6.会議への同行
「ウサギちゃん、明日外の会議だからついてきて」
朝からベルシュタイン室長に連れられて行ったのは、王都内にある別の魔草研究所だった。私やベルシュタイン室長のいる研究所よりも歴史が古く建物も古い。
長い廊下を歩いて行くと、大きな講堂に出た。室内は広くたくさんの研究者らしき人達がいる。皆、一様にスーツを着こんでいる。いつもは白衣に開襟シャツで、ボタンを外して着ているベルシュタイン室長も今日はスーツだ。
こうしてきちんとした格好をしている室長は、とても素敵だと思った。いつもはサラサラに下りている前髪はオールバックに上げられ、左耳のピアスだけがシャラシャラと普段と同じように揺れていた。
私も滅多に着ないのスーツを着込んでいるが、頭の良さそうな研究者の集団の中酷く浮いている気がした。
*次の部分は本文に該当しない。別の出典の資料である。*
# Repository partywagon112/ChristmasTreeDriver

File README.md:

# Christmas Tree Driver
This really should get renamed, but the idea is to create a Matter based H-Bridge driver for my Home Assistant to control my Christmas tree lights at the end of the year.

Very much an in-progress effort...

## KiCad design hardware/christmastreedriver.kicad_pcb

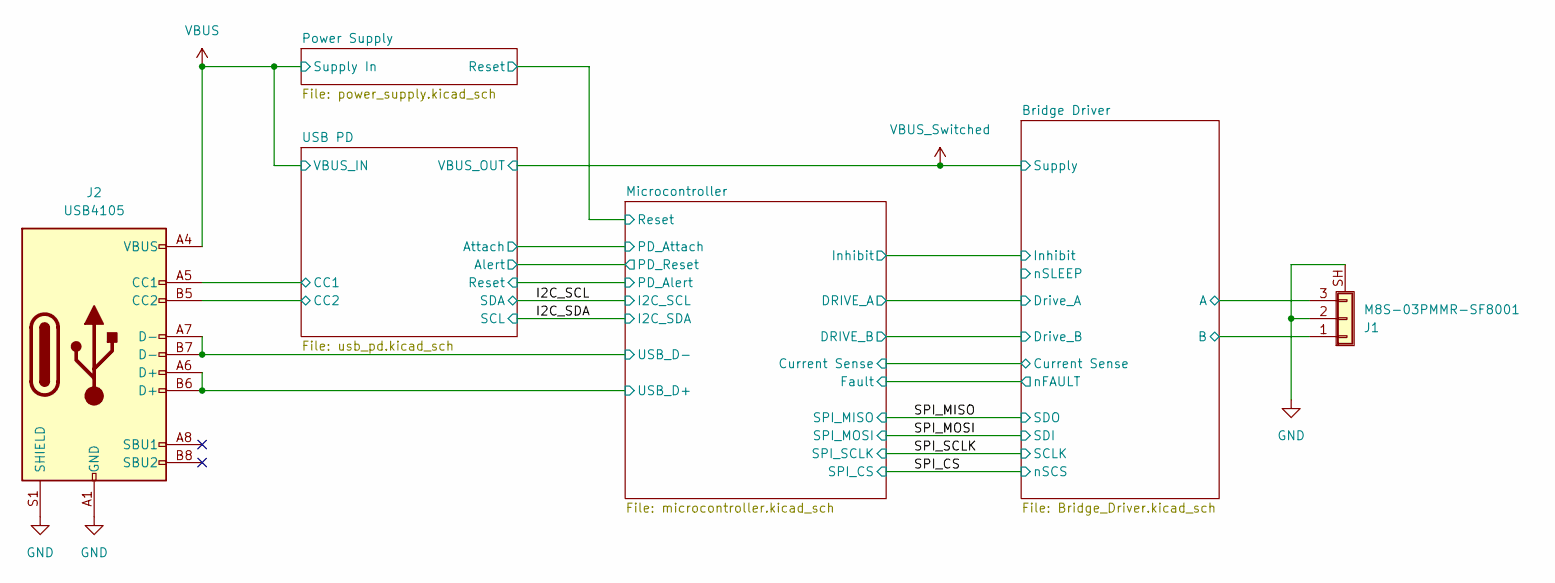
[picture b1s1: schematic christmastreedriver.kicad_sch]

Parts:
J1: M8S-03PMMR-SF8001; Amphenol_M8S-03PMMR-SF8001; MPN M8S-03PMMR-SF8001
J2: USB4105; USB_C_Receptacle_GCT_USB4105-xx-A_16P_TopMnt_Horizontal; MPN USB4105-GF-A

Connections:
/Bridge Driver/A: J1.3; also elsewhere on the board
/Bridge Driver/B: J1.1; also elsewhere on the board
/Microcontroller/USB_D+: J2.A6 (D+), J2.B6 (D+); also elsewhere on the board
/Microcontroller/USB_D-: J2.A7 (D-), J2.B7 (D-); also elsewhere on the board
/USB PD/CC1: J2.A5 (CC1); also elsewhere on the board
/USB PD/CC2: J2.B5 (CC2); also elsewhere on the board
GND: J1.2, J1.SH (Shield), J2.A1 (GND), J2.A12 (GND), J2.B1 (GND), J2.B12 (GND), J2.S1 (SHIELD); also elsewhere on the board
VBUS: J2.A4 (VBUS), J2.A9 (VBUS), J2.B4 (VBUS), J2.B9 (VBUS); also elsewhere on the board

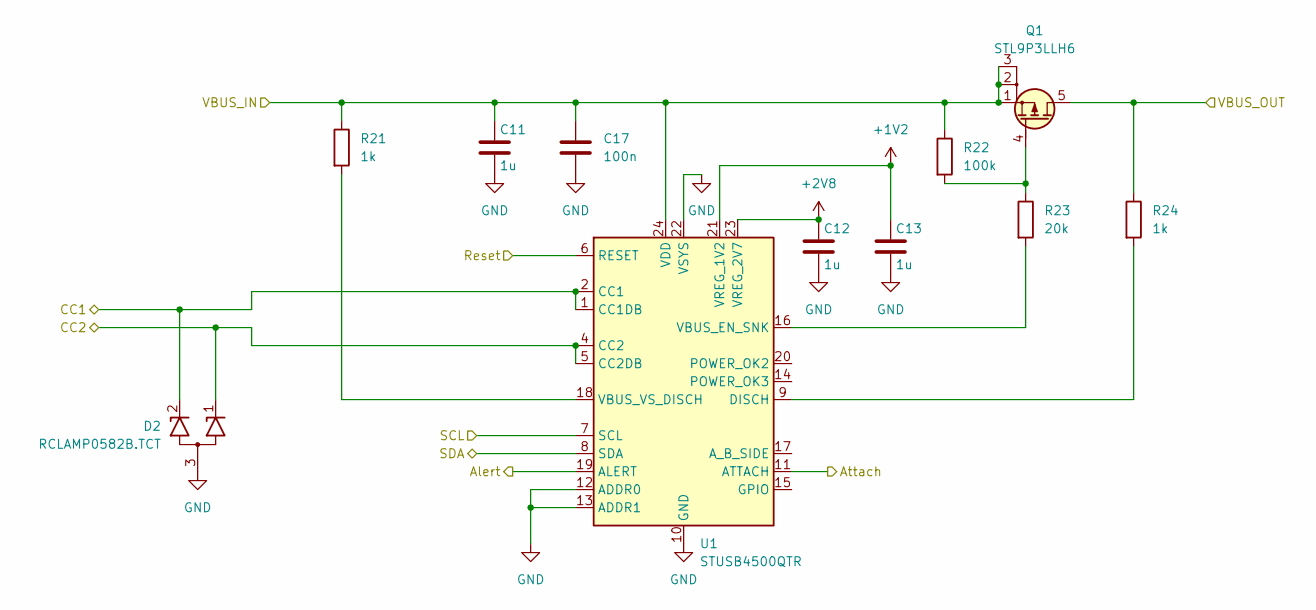
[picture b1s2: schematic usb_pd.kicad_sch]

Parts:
C11, C12, C13: 1u; C_0603_1608Metric; MPN GRT188R61H105KE13D
C17: 100n; C_0402_1005Metric; MPN GCM155R71H104KE02J
D2: RCLAMP0582B.TCT; SOT-416; MPN RCLAMP0582B.TCT
Q1: STL9P3LLH6; ST_PowerFlat-8; MPN STL9P3LLH6
R21, R24: 1k; R_0603_1608Metric; MPN CR0603AFX-1001ELF
R22: 100k; R_0402_1005Metric; MPN ERJ-2RKF1003X
R23: 20k; R_0402_1005Metric; MPN ERJ-2RKF2002X
U1: STUSB4500QTR; QFN-24-1EP_4x4mm_P0.5mm_EP2.7x2.7mm_ThermalVias; MPN STUSB4500QTR

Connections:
+1V2: C13.1, U1.21 (VREG_1V2)
+2V8: C12.1, U1.23 (VREG_2V7)
/I2C_SCL: U1.8 (SDA); also elsewhere on the board
/I2C_SDA: U1.7 (SCL); also elsewhere on the board
/Microcontroller/PD_Alert: U1.6 (RESET); also elsewhere on the board
/Microcontroller/PD_Attach: U1.11 (ATTACH); also elsewhere on the board
/Microcontroller/PD_Reset: U1.19 (ALERT); also elsewhere on the board
/USB PD/CC1: D2.2 (K2), U1.1 (CC1DB), U1.2 (CC1); also elsewhere on the board
/USB PD/CC2: D2.1 (K1), U1.4 (CC2), U1.5 (CC2DB); also elsewhere on the board
GND: C11.2, C12.2, C13.2, C17.2, D2.3 (A), U1.10 (GND), U1.12 (ADDR0), U1.13 (ADDR1), U1.22 (VSYS), U1.25 (GND); also elsewhere on the board
unnamed: Q1.4 (G), R22.2, R23.1
unnamed: R24.2, U1.9 (DISCH)
unnamed: R23.2, U1.16 (VBUS_EN_SNK)
unnamed: R21.2, U1.18 (VBUS_VS_DISCH)
VBUS: C11.1, C17.1, Q1.1 (S), Q1.2 (S), Q1.3 (S), R21.1, R22.1, U1.24 (VDD); also elsewhere on the board
VBUS_Switched: Q1.5 (D), R24.1; also elsewhere on the board

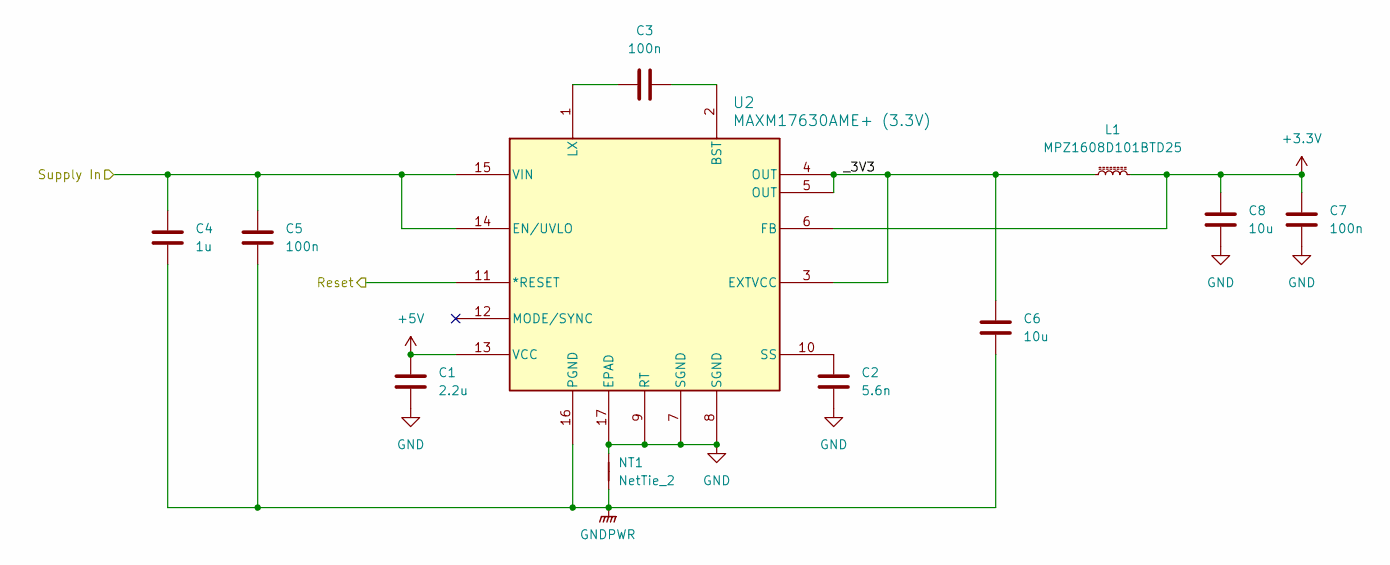
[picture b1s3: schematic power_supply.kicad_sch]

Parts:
C1: 2.2u; C_0603_1608Metric; MPN GRT188R61H225KE13D
C2: 5.6n; C_0402_1005Metric; MPN GCM155R71H562KA55D
C3, C5, C7: 100n; C_0402_1005Metric; MPN GCM155R71H104KE02J
C4: 1u; C_0603_1608Metric; MPN GRT188R61H105KE13D
C6, C8: 10u; C_0805_2012Metric; MPN GCM21BR70J106KE22L
L1: MPZ1608D101BTD25; L_0603_1608Metric; MPN MPZ1608D101BTD25
NT1: NetTie_2; NetTie-2_SMD_Pad0.5mm
U2: MAXM17630AME+ (3.3V); 16-eMGA (3x3); MPN MAXM17630AME+T

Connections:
+3.3V: C7.1, C8.1, L1.2, U2.6 (FB); also elsewhere on the board
+5V: C1.1, U2.13 (VCC); also elsewhere on the board
/Microcontroller/Reset: U2.11 (*RESET); also elsewhere on the board
/Power Supply/_3V3: C6.1, L1.1, U2.3 (EXTVCC), U2.4 (OUT), U2.5 (OUT)
GND: C1.2, C2.2, C7.2, C8.2, NT1.2, U2.7 (SGND), U2.8 (SGND), U2.9 (RT), U2.17 (EPAD); also elsewhere on the board
GNDPWR: C4.2, C5.2, C6.2, NT1.1, U2.16 (PGND)
unnamed: C3.2, U2.2 (BST)
unnamed: C3.1, U2.1 (LX)
unnamed: C2.1, U2.10 (SS)
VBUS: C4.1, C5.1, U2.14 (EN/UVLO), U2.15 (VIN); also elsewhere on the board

居心地が悪くて、ベルシュタイン室長の後ろに隠れて、スーツの端っこを少しだけ掴んだ。
「どうした?ウサギちゃん」
俯いている私に、振り返って心配そうに見てきた室長にハッと気がつき、
「すみません。大丈夫です」
と笑顔で返し、パッと手を離した。
「気後れしたか?大丈夫。みんなたいしたことない奴らだよ」
金の瞳を細めててふわりと笑い、室長は私の頭をポンポンと撫でた。
「室長にとってはそうなんでしょうけど、わ···私こういう場所あまり来たこと無くて」
口角を上げながら話したが、不安から指をモジモジと動かし続けた。
「いいよ、掴んでて」
室長は前を向き直し、私から視線を外した。
一応承諾はもらったし、やっぱり心許ないから掴ませてもらおう。
おずおずと手を伸ばし、室長のスーツの端っこをまた掴んだ。席に案内されたが、私は室長にぴったりとくっついて座った。
私はおそらく秘書代わりに連れていかれたであろう。にも関わらず、結局会議中私はベルシュタイン室長のスーツを握る以外何も出来ず、役立たずのまま帰ることになった。